KARACHI: The influx of foreign capital into local bonds has reversed, with a substantial $78 million disinvestment occurring in the first 15 days of August.
Although there are a number of possible reasons for the abrupt turnaround in investment inflows, investors blame the falling returns on treasury bills, which are expected to continue to decline in the near future.
July, the first month of the current fiscal year, saw record inflows of $258.3 million into Treasury Bills.
The State Bank’s most recent data, which was made public on Friday, shows that investment inflows drastically decreased in August, suggesting a change in investment strategy. Experts in finance anticipate a further reduction in T-bill inflows because of two main factors: declining T-bill returns and the government’s increasing difficulties in obtaining a $7 billion loan from the IMF, which has allegedly asked Pakistan to obtain a $12 billion rollover from Saudi Arabia, China, and the United Arab Emirates.
During the first 15 days of August, there were $8.194 million in inflows and $86.347 million outflows from foreign investments. $78.15 million was the net outflow.
The SBP data shows that overall inflows during the first half of August and the month of July were $271.5 million, while withdrawals totaled $180 million, leaving a net residual investment of $91.5 million.
The excellent returns on domestic bonds and the stable currency rate are the reasons behind the inflows into T-bills. Nonetheless, returns on T-bills have decreased as a result of the State Bank’s decision on July 29 to lower interest rates by 100 basis points to 19.5%. T-bill returns have already decreased to 17.4 percent, and for 12-month T-bills, they are even lower at 16.99 percent.
Comparing the returns to other developing nations, financial experts argued they are still too high. By taking advantage of this chance and borrowing money at cheaper rates from foreign banks, overseas investors are investing in Pakistan and making returns that are more than twice as high.
They contend that because both exports and remittances are displaying strong health, the stable exchange rate, which is bolstered by the State Bank’s foreign exchange reserves of over $9.4 billion, demonstrates economic stability.

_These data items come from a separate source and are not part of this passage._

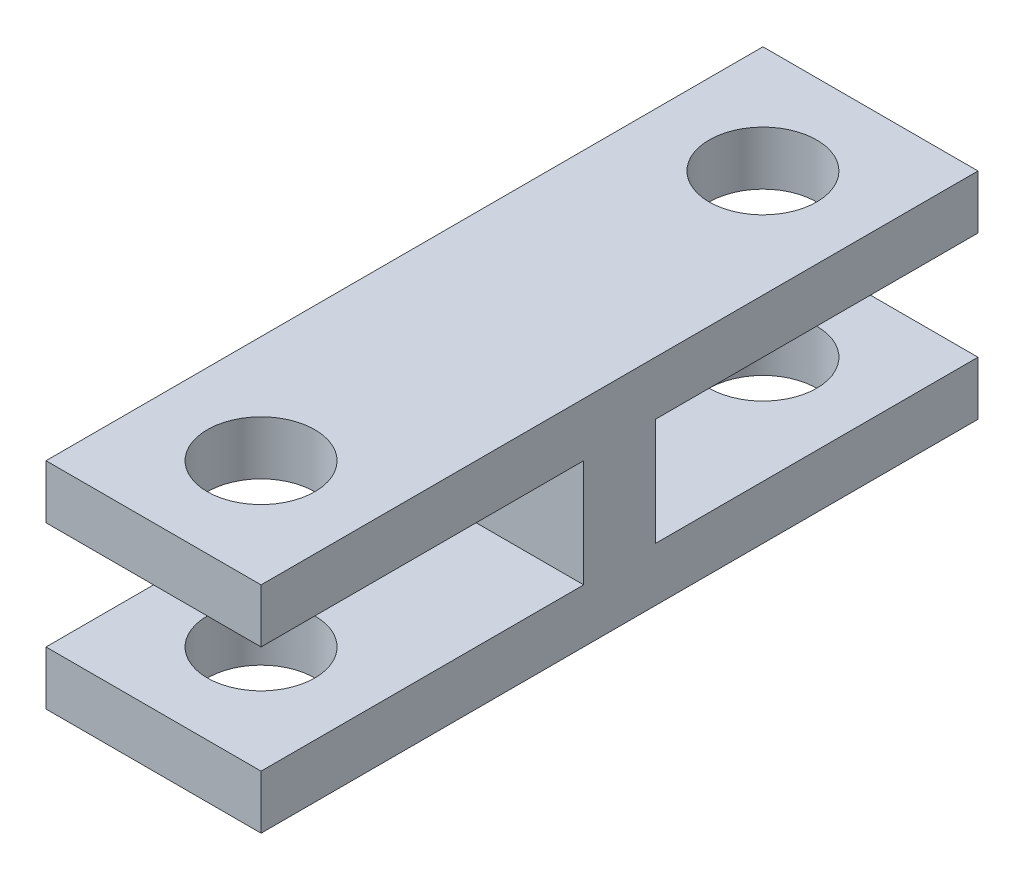
ISO-10303-21;
HEADER;
FILE_DESCRIPTION(('STEP AP214'),'2;1');
FILE_NAME('part.step','',(''),(''),'','','');
FILE_SCHEMA(('AUTOMOTIVE_DESIGN { 1 0 10303 214 1 1 1 1 }'));
ENDSEC;
DATA;
#1=APPLICATION_CONTEXT('core data for automotive mechanical design processes');
#2=APPLICATION_PROTOCOL_DEFINITION('international standard','automotive_design',2000,#1);
#3=PRODUCT_CONTEXT('',#1,'mechanical');
#4=PRODUCT('Part','Part','',(#3));
#5=PRODUCT_RELATED_PRODUCT_CATEGORY('part','',(#4));
#6=PRODUCT_DEFINITION_FORMATION('','',#4);
#7=PRODUCT_DEFINITION_CONTEXT('part definition',#1,'design');
#8=PRODUCT_DEFINITION('design','',#6,#7);
#9=PRODUCT_DEFINITION_SHAPE('','',#8);
#10=(LENGTH_UNIT() NAMED_UNIT(*) SI_UNIT(.MILLI.,.METRE.));
#11=(NAMED_UNIT(*) PLANE_ANGLE_UNIT() SI_UNIT($,.RADIAN.));
#12=(NAMED_UNIT(*) SI_UNIT($,.STERADIAN.) SOLID_ANGLE_UNIT());
#13=UNCERTAINTY_MEASURE_WITH_UNIT(LENGTH_MEASURE(1.E-05),#10,'distance_accuracy_value','');
#14=(GEOMETRIC_REPRESENTATION_CONTEXT(3) GLOBAL_UNCERTAINTY_ASSIGNED_CONTEXT((#13)) GLOBAL_UNIT_ASSIGNED_CONTEXT((#10,
#11,#12)) REPRESENTATION_CONTEXT('',''));
#15=CARTESIAN_POINT('',(0.,0.,0.));
#16=DIRECTION('',(0.,0.,1.));
#17=DIRECTION('',(1.,0.,0.));
#18=AXIS2_PLACEMENT_3D('',#15,#16,#17);
#19=CARTESIAN_POINT('',(6.,-10.1082403100063,4.58186139778075));
#20=DIRECTION('',(0.,0.,-1.));
#21=DIRECTION('',(0.,1.,0.));
#22=AXIS2_PLACEMENT_3D('',#19,#20,#21);
#23=PLANE('',#22);
#24=DIRECTION('',(0.,-1.,0.));
#25=VECTOR('',#24,1.);
#26=CARTESIAN_POINT('',(0.,-10.1082403100063,4.58186139778075));
#27=LINE('',#26,#25);
#28=CARTESIAN_POINT('',(0.,-8.60824031000633,4.58186139778075));
#29=VERTEX_POINT('',#28);
#30=CARTESIAN_POINT('',(0.,-10.1082403100063,4.58186139778075));
#31=VERTEX_POINT('',#30);
#32=EDGE_CURVE('E153',#29,#31,#27,.T.);
#33=ORIENTED_EDGE('',*,*,#32,.T.);
#34=DIRECTION('',(-1.,0.,0.));
#35=VECTOR('',#34,1.);
#36=CARTESIAN_POINT('',(6.,-10.1082403100063,4.58186139778075));
#37=LINE('',#36,#35);
#38=CARTESIAN_POINT('',(6.,-10.1082403100063,4.58186139778075));
#39=VERTEX_POINT('',#38);
#40=EDGE_CURVE('E11',#39,#31,#37,.T.);
#41=ORIENTED_EDGE('',*,*,#40,.F.);
#42=DIRECTION('',(0.,-1.,0.));
#43=VECTOR('',#42,1.);
#44=CARTESIAN_POINT('',(6.,-10.1082403100063,4.58186139778075));
#45=LINE('',#44,#43);
#46=CARTESIAN_POINT('',(6.,-8.60824031000633,4.58186139778075));
#47=VERTEX_POINT('',#46);
#48=EDGE_CURVE('E176',#47,#39,#45,.T.);
#49=ORIENTED_EDGE('',*,*,#48,.F.);
#50=DIRECTION('',(-1.,0.,0.));
#51=VECTOR('',#50,1.);
#52=CARTESIAN_POINT('',(6.,-8.60824031000633,4.58186139778075));
#53=LINE('',#52,#51);
#54=EDGE_CURVE('E149',#47,#29,#53,.T.);
#55=ORIENTED_EDGE('',*,*,#54,.T.);
#56=EDGE_LOOP('',(#33,#41,#49,#55));
#57=FACE_BOUND('',#56,.T.);
#58=ADVANCED_FACE('F32',(#57),#23,.F.);
#59=CARTESIAN_POINT('',(6.,-10.1082403100063,-15.4181386022193));
#60=DIRECTION('',(0.,1.,0.));
#61=DIRECTION('',(0.,0.,1.));
#62=AXIS2_PLACEMENT_3D('',#59,#60,#61);
#63=PLANE('',#62);
#64=CARTESIAN_POINT('',(3.,-10.1082403100063,1.58186139778075));
#65=DIRECTION('',(0.,1.,0.));
#66=DIRECTION('',(0.,0.,1.));
#67=AXIS2_PLACEMENT_3D('',#64,#65,#66);
#68=CIRCLE('',#67,1.5);
#69=CARTESIAN_POINT('',(3.,-10.1082403100063,3.08186139778075));
#70=VERTEX_POINT('',#69);
#71=EDGE_CURVE('E299',#70,#70,#68,.T.);
#72=ORIENTED_EDGE('',*,*,#71,.T.);
#73=EDGE_LOOP('',(#72));
#74=FACE_BOUND('',#73,.T.);
#75=CARTESIAN_POINT('',(3.,-10.1082403100063,-12.4181386022192));
#76=DIRECTION('',(0.,1.,0.));
#77=DIRECTION('',(0.,0.,1.));
#78=AXIS2_PLACEMENT_3D('',#75,#76,#77);
#79=CIRCLE('',#78,1.5);
#80=CARTESIAN_POINT('',(3.,-10.1082403100063,-10.9181386022192));
#81=VERTEX_POINT('',#80);
#82=EDGE_CURVE('E337',#81,#81,#79,.T.);
#83=ORIENTED_EDGE('',*,*,#82,.T.);
#84=EDGE_LOOP('',(#83));
#85=FACE_BOUND('',#84,.T.);
#86=DIRECTION('',(0.,0.,-1.));
#87=VECTOR('',#86,1.);
#88=CARTESIAN_POINT('',(0.,-10.1082403100063,-15.4181386022193));
#89=LINE('',#88,#87);
#90=CARTESIAN_POINT('',(0.,-10.1082403100063,-15.4181386022193));
#91=VERTEX_POINT('',#90);
#92=EDGE_CURVE('E156',#31,#91,#89,.T.);
#93=ORIENTED_EDGE('',*,*,#92,.T.);
#94=DIRECTION('',(-1.,0.,0.));
#95=VECTOR('',#94,1.);
#96=CARTESIAN_POINT('',(6.,-10.1082403100063,-15.4181386022193));
#97=LINE('',#96,#95);
#98=CARTESIAN_POINT('',(6.,-10.1082403100063,-15.4181386022193));
#99=VERTEX_POINT('',#98);
#100=EDGE_CURVE('E41',#99,#91,#97,.T.);
#101=ORIENTED_EDGE('',*,*,#100,.F.);
#102=DIRECTION('',(0.,0.,-1.));
#103=VECTOR('',#102,1.);
#104=CARTESIAN_POINT('',(6.,-10.1082403100063,-15.4181386022193));
#105=LINE('',#104,#103);
#106=EDGE_CURVE('E104',#39,#99,#105,.T.);
#107=ORIENTED_EDGE('',*,*,#106,.F.);
#108=ORIENTED_EDGE('',*,*,#40,.T.);
#109=EDGE_LOOP('',(#93,#101,#107,#108));
#110=FACE_BOUND('',#109,.T.);
#111=ADVANCED_FACE('F257',(#74,#85,#110),#63,.F.);
#112=CARTESIAN_POINT('',(6.,-8.60824031000633,-15.4181386022193));
#113=DIRECTION('',(0.,0.,1.));
#114=DIRECTION('',(0.,-1.,0.));
#115=AXIS2_PLACEMENT_3D('',#112,#113,#114);
#116=PLANE('',#115);
#117=DIRECTION('',(0.,1.,0.));
#118=VECTOR('',#117,1.);
#119=CARTESIAN_POINT('',(0.,-8.60824031000633,-15.4181386022193));
#120=LINE('',#119,#118);
#121=CARTESIAN_POINT('',(0.,-8.60824031000633,-15.4181386022193));
#122=VERTEX_POINT('',#121);
#123=EDGE_CURVE('E159',#91,#122,#120,.T.);
#124=ORIENTED_EDGE('',*,*,#123,.T.);
#125=DIRECTION('',(-1.,0.,0.));
#126=VECTOR('',#125,1.);
#127=CARTESIAN_POINT('',(6.,-8.60824031000633,-15.4181386022193));
#128=LINE('',#127,#126);
#129=CARTESIAN_POINT('',(6.,-8.60824031000633,-15.4181386022193));
#130=VERTEX_POINT('',#129);
#131=EDGE_CURVE('E195',#130,#122,#128,.T.);
#132=ORIENTED_EDGE('',*,*,#131,.F.);
#133=DIRECTION('',(0.,1.,0.));
#134=VECTOR('',#133,1.);
#135=CARTESIAN_POINT('',(6.,-8.60824031000633,-15.4181386022193));
#136=LINE('',#135,#134);
#137=EDGE_CURVE('E204',#99,#130,#136,.T.);
#138=ORIENTED_EDGE('',*,*,#137,.F.);
#139=ORIENTED_EDGE('',*,*,#100,.T.);
#140=EDGE_LOOP('',(#124,#132,#138,#139));
#141=FACE_BOUND('',#140,.T.);
#142=ADVANCED_FACE('F202',(#141),#116,.F.);
#143=CARTESIAN_POINT('',(6.,-8.60824031000633,-6.41813860221925));
#144=DIRECTION('',(0.,-1.,0.));
#145=DIRECTION('',(0.,0.,-1.));
#146=AXIS2_PLACEMENT_3D('',#143,#144,#145);
#147=PLANE('',#146);
#148=CARTESIAN_POINT('',(3.,-8.60824031000633,-12.4181386022192));
#149=DIRECTION('',(0.,-1.,0.));
#150=DIRECTION('',(0.,0.,-1.));
#151=AXIS2_PLACEMENT_3D('',#148,#149,#150);
#152=CIRCLE('',#151,1.5);
#153=CARTESIAN_POINT('',(3.,-8.60824031000633,-13.9181386022192));
#154=VERTEX_POINT('',#153);
#155=EDGE_CURVE('E157',#154,#154,#152,.T.);
#156=ORIENTED_EDGE('',*,*,#155,.T.);
#157=EDGE_LOOP('',(#156));
#158=FACE_BOUND('',#157,.T.);
#159=DIRECTION('',(0.,0.,1.));
#160=VECTOR('',#159,1.);
#161=CARTESIAN_POINT('',(0.,-8.60824031000633,-6.41813860221925));
#162=LINE('',#161,#160);
#163=CARTESIAN_POINT('',(0.,-8.60824031000633,-6.41813860221925));
#164=VERTEX_POINT('',#163);
#165=EDGE_CURVE('E161',#122,#164,#162,.T.);
#166=ORIENTED_EDGE('',*,*,#165,.T.);
#167=DIRECTION('',(-1.,0.,0.));
#168=VECTOR('',#167,1.);
#169=CARTESIAN_POINT('',(6.,-8.60824031000633,-6.41813860221925));
#170=LINE('',#169,#168);
#171=CARTESIAN_POINT('',(6.,-8.60824031000633,-6.41813860221925));
#172=VERTEX_POINT('',#171);
#173=EDGE_CURVE('E192',#172,#164,#170,.T.);
#174=ORIENTED_EDGE('',*,*,#173,.F.);
#175=DIRECTION('',(0.,0.,1.));
#176=VECTOR('',#175,1.);
#177=CARTESIAN_POINT('',(6.,-8.60824031000633,-6.41813860221925));
#178=LINE('',#177,#176);
#179=EDGE_CURVE('E222',#130,#172,#178,.T.);
#180=ORIENTED_EDGE('',*,*,#179,.F.);
#181=ORIENTED_EDGE('',*,*,#131,.T.);
#182=EDGE_LOOP('',(#166,#174,#180,#181));
#183=FACE_BOUND('',#182,.T.);
#184=ADVANCED_FACE('F213',(#158,#183),#147,.F.);
#185=CARTESIAN_POINT('',(6.,-5.60824031000633,-6.41813860221925));
#186=DIRECTION('',(0.,0.,1.));
#187=DIRECTION('',(1.,0.,0.));
#188=AXIS2_PLACEMENT_3D('',#185,#186,#187);
#189=PLANE('',#188);
#190=DIRECTION('',(0.,1.,0.));
#191=VECTOR('',#190,1.);
#192=CARTESIAN_POINT('',(0.,-5.60824031000633,-6.41813860221925));
#193=LINE('',#192,#191);
#194=CARTESIAN_POINT('',(0.,-5.60824031000633,-6.41813860221925));
#195=VERTEX_POINT('',#194);
#196=EDGE_CURVE('E163',#164,#195,#193,.T.);
#197=ORIENTED_EDGE('',*,*,#196,.T.);
#198=DIRECTION('',(-1.,0.,0.));
#199=VECTOR('',#198,1.);
#200=CARTESIAN_POINT('',(6.,-5.60824031000633,-6.41813860221925));
#201=LINE('',#200,#199);
#202=CARTESIAN_POINT('',(6.,-5.60824031000633,-6.41813860221925));
#203=VERTEX_POINT('',#202);
#204=EDGE_CURVE('E189',#203,#195,#201,.T.);
#205=ORIENTED_EDGE('',*,*,#204,.F.);
#206=DIRECTION('',(0.,1.,0.));
#207=VECTOR('',#206,1.);
#208=CARTESIAN_POINT('',(6.,-5.60824031000633,-6.41813860221925));
#209=LINE('',#208,#207);
#210=EDGE_CURVE('E219',#172,#203,#209,.T.);
#211=ORIENTED_EDGE('',*,*,#210,.F.);
#212=ORIENTED_EDGE('',*,*,#173,.T.);
#213=EDGE_LOOP('',(#197,#205,#211,#212));
#214=FACE_BOUND('',#213,.T.);
#215=ADVANCED_FACE('F217',(#214),#189,.F.);
#216=CARTESIAN_POINT('',(6.,-5.60824031000633,-15.4181386022193));
#217=DIRECTION('',(0.,1.,0.));
#218=DIRECTION('',(0.,0.,1.));
#219=AXIS2_PLACEMENT_3D('',#216,#217,#218);
#220=PLANE('',#219);
#221=CARTESIAN_POINT('',(3.,-5.60824031000633,-12.4181386022192));
#222=DIRECTION('',(0.,1.,0.));
#223=DIRECTION('',(0.,0.,1.));
#224=AXIS2_PLACEMENT_3D('',#221,#222,#223);
#225=CIRCLE('',#224,1.5);
#226=CARTESIAN_POINT('',(3.,-5.60824031000633,-10.9181386022192));
#227=VERTEX_POINT('',#226);
#228=EDGE_CURVE('E295',#227,#227,#225,.T.);
#229=ORIENTED_EDGE('',*,*,#228,.T.);
#230=EDGE_LOOP('',(#229));
#231=FACE_BOUND('',#230,.T.);
#232=DIRECTION('',(0.,0.,-1.));
#233=VECTOR('',#232,1.);
#234=CARTESIAN_POINT('',(0.,-5.60824031000633,-15.4181386022193));
#235=LINE('',#234,#233);
#236=CARTESIAN_POINT('',(0.,-5.60824031000633,-15.4181386022193));
#237=VERTEX_POINT('',#236);
#238=EDGE_CURVE('E165',#195,#237,#235,.T.);
#239=ORIENTED_EDGE('',*,*,#238,.T.);
#240=DIRECTION('',(-1.,0.,0.));
#241=VECTOR('',#240,1.);
#242=CARTESIAN_POINT('',(6.,-5.60824031000633,-15.4181386022193));
#243=LINE('',#242,#241);
#244=CARTESIAN_POINT('',(6.,-5.60824031000633,-15.4181386022193));
#245=VERTEX_POINT('',#244);
#246=EDGE_CURVE('E186',#245,#237,#243,.T.);
#247=ORIENTED_EDGE('',*,*,#246,.F.);
#248=DIRECTION('',(0.,0.,-1.));
#249=VECTOR('',#248,1.);
#250=CARTESIAN_POINT('',(6.,-5.60824031000633,-15.4181386022193));
#251=LINE('',#250,#249);
#252=EDGE_CURVE('E221',#203,#245,#251,.T.);
#253=ORIENTED_EDGE('',*,*,#252,.F.);
#254=ORIENTED_EDGE('',*,*,#204,.T.);
#255=EDGE_LOOP('',(#239,#247,#253,#254));
#256=FACE_BOUND('',#255,.T.);
#257=ADVANCED_FACE('F274',(#231,#256),#220,.F.);
#258=CARTESIAN_POINT('',(6.,-4.10824031000633,-15.4181386022192));
#259=DIRECTION('',(0.,0.,1.));
#260=DIRECTION('',(0.,-1.,0.));
#261=AXIS2_PLACEMENT_3D('',#258,#259,#260);
#262=PLANE('',#261);
#263=DIRECTION('',(0.,1.,0.));
#264=VECTOR('',#263,1.);
#265=CARTESIAN_POINT('',(0.,-4.10824031000633,-15.4181386022192));
#266=LINE('',#265,#264);
#267=CARTESIAN_POINT('',(0.,-4.10824031000633,-15.4181386022192));
#268=VERTEX_POINT('',#267);
#269=EDGE_CURVE('E167',#237,#268,#266,.T.);
#270=ORIENTED_EDGE('',*,*,#269,.T.);
#271=DIRECTION('',(-1.,0.,0.));
#272=VECTOR('',#271,1.);
#273=CARTESIAN_POINT('',(6.,-4.10824031000633,-15.4181386022192));
#274=LINE('',#273,#272);
#275=CARTESIAN_POINT('',(6.,-4.10824031000633,-15.4181386022192));
#276=VERTEX_POINT('',#275);
#277=EDGE_CURVE('E183',#276,#268,#274,.T.);
#278=ORIENTED_EDGE('',*,*,#277,.F.);
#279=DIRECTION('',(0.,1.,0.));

But the State Bank was compelled to lower interest rates even further due to the decreasing rate of inflation. The State Bank is expected to lower interest rates by 150 basis points in its upcoming monetary policy announcement on September 12th, according to financial experts.
Should the rate on T-bills be further lowered, international investors might become less inclined to purchase domestic bonds.
The nation received $580.8 million in total inflows into T-bills during the most recent fiscal year.
Experts believed that this might be a blow to the nation, which is already having trouble paying off its external debt. Despite a recent small improvement in the country’s ratings by Fitch and S&P, the nation remains unable to issue bonds to raise cash from the foreign market.